-------- DATASET CONTENT --------

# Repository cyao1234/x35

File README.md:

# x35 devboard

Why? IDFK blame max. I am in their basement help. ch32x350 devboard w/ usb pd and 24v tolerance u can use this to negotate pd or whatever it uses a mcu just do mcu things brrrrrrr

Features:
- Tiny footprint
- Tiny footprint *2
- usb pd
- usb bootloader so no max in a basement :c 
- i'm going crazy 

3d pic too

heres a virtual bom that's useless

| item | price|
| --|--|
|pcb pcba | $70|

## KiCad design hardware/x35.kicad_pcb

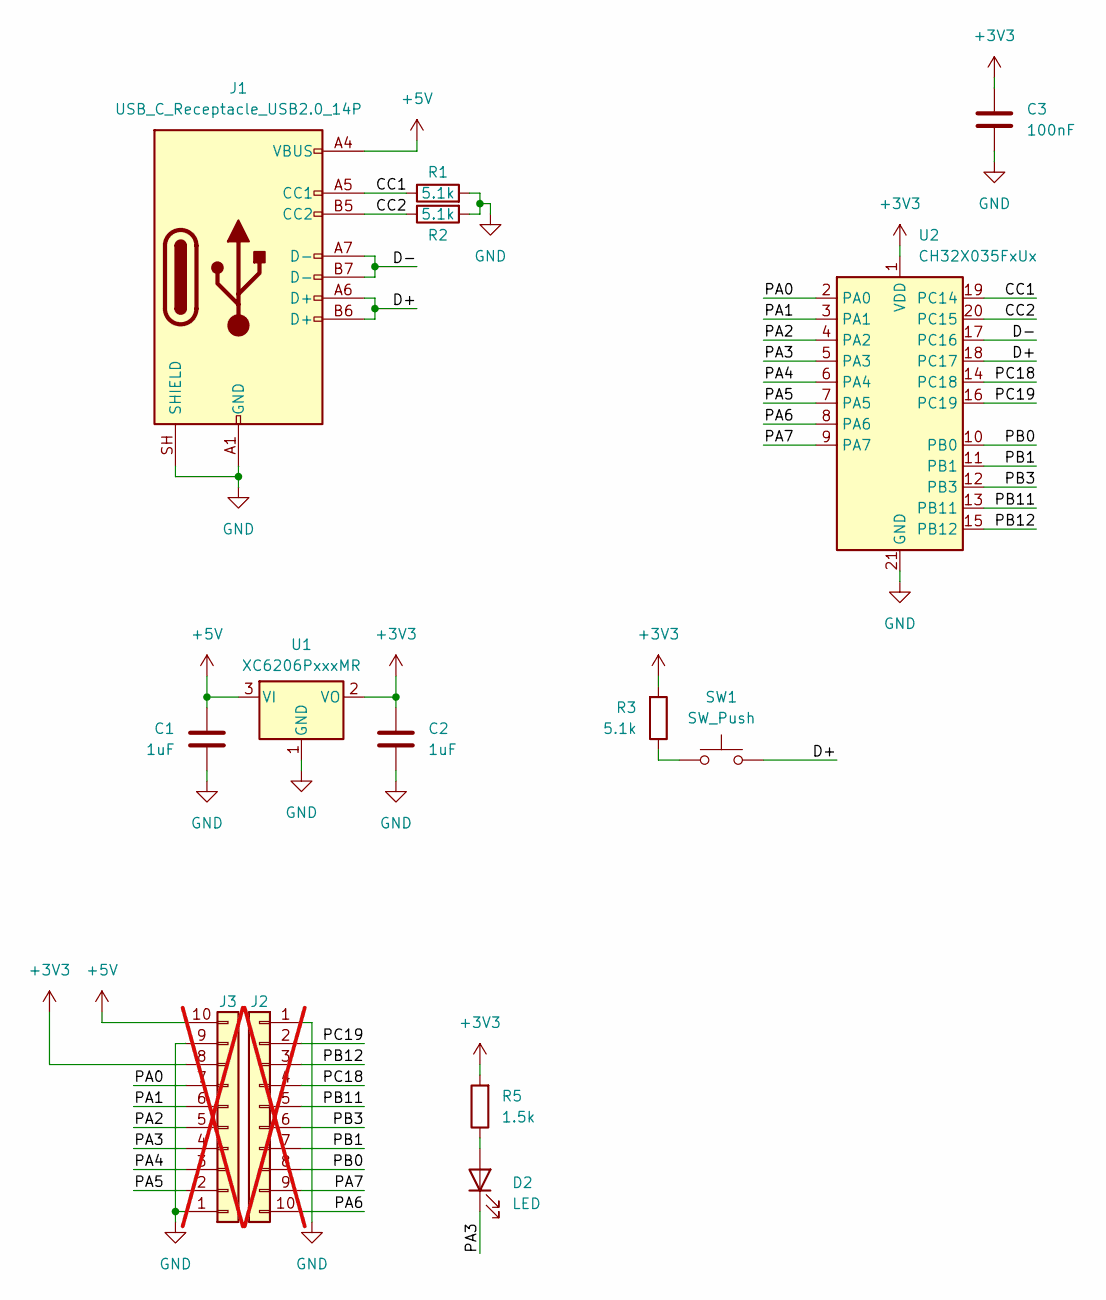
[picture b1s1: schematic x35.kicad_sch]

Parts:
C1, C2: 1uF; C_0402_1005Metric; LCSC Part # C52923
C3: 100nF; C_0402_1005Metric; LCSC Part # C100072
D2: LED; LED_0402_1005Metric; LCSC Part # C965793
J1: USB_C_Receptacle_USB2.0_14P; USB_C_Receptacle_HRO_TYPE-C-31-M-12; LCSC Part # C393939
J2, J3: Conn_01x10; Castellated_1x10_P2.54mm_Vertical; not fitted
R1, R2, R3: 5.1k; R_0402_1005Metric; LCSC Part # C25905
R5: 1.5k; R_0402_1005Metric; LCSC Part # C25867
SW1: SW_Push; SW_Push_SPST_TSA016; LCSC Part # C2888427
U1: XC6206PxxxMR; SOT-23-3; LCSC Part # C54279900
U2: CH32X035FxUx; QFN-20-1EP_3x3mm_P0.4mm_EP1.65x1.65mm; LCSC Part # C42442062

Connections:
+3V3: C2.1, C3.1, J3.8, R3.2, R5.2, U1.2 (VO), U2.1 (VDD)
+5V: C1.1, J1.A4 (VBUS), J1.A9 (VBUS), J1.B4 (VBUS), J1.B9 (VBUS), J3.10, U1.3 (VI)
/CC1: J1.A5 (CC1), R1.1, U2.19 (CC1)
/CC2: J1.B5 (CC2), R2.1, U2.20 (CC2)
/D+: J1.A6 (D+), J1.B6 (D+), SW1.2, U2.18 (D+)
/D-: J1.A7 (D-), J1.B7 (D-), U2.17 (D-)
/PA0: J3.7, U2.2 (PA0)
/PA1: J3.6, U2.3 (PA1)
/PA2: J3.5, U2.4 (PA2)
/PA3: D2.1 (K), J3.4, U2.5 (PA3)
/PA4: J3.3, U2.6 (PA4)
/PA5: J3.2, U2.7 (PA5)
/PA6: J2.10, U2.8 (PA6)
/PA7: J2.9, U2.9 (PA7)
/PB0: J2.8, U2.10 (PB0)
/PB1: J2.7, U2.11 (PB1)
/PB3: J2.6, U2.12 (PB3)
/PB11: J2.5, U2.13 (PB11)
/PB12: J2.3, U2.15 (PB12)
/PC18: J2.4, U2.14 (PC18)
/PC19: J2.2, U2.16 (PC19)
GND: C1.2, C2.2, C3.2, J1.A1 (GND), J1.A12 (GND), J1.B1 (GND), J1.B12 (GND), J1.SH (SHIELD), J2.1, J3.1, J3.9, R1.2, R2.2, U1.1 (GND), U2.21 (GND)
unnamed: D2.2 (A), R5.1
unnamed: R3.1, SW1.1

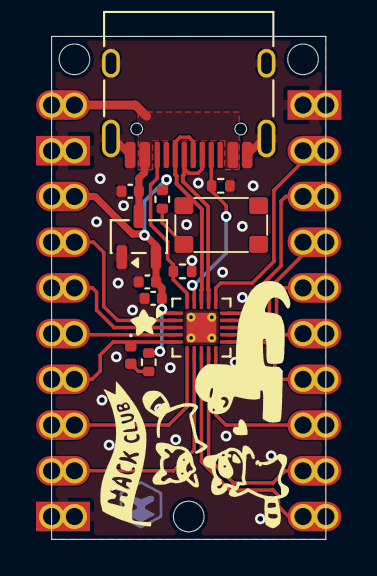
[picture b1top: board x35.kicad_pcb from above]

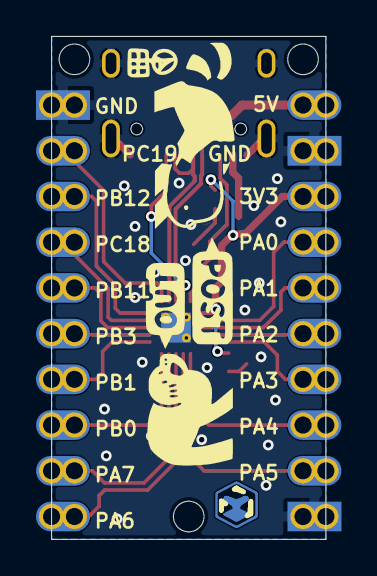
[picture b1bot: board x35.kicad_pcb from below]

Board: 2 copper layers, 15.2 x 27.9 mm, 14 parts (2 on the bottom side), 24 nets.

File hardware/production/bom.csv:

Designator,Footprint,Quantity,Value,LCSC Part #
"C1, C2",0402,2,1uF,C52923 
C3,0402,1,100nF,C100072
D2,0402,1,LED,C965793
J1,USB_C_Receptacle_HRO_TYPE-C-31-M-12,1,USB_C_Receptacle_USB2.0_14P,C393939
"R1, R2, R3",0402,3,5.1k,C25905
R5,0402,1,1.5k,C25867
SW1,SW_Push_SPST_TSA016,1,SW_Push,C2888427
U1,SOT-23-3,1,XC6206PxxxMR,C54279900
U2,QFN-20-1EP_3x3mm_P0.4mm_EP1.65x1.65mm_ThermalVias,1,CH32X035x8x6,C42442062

--------

## WHAT TO DO
Search the listing above for the word "devboard", and copy every line that has it.

## ANSWER TO THE PROBLEM
# x35 devboard
Why? IDFK blame max. I am in their basement help. ch32x350 devboard w/ usb pd and 24v tolerance u can use this to negotate pd or whatever it uses a mcu just do mcu things brrrrrrr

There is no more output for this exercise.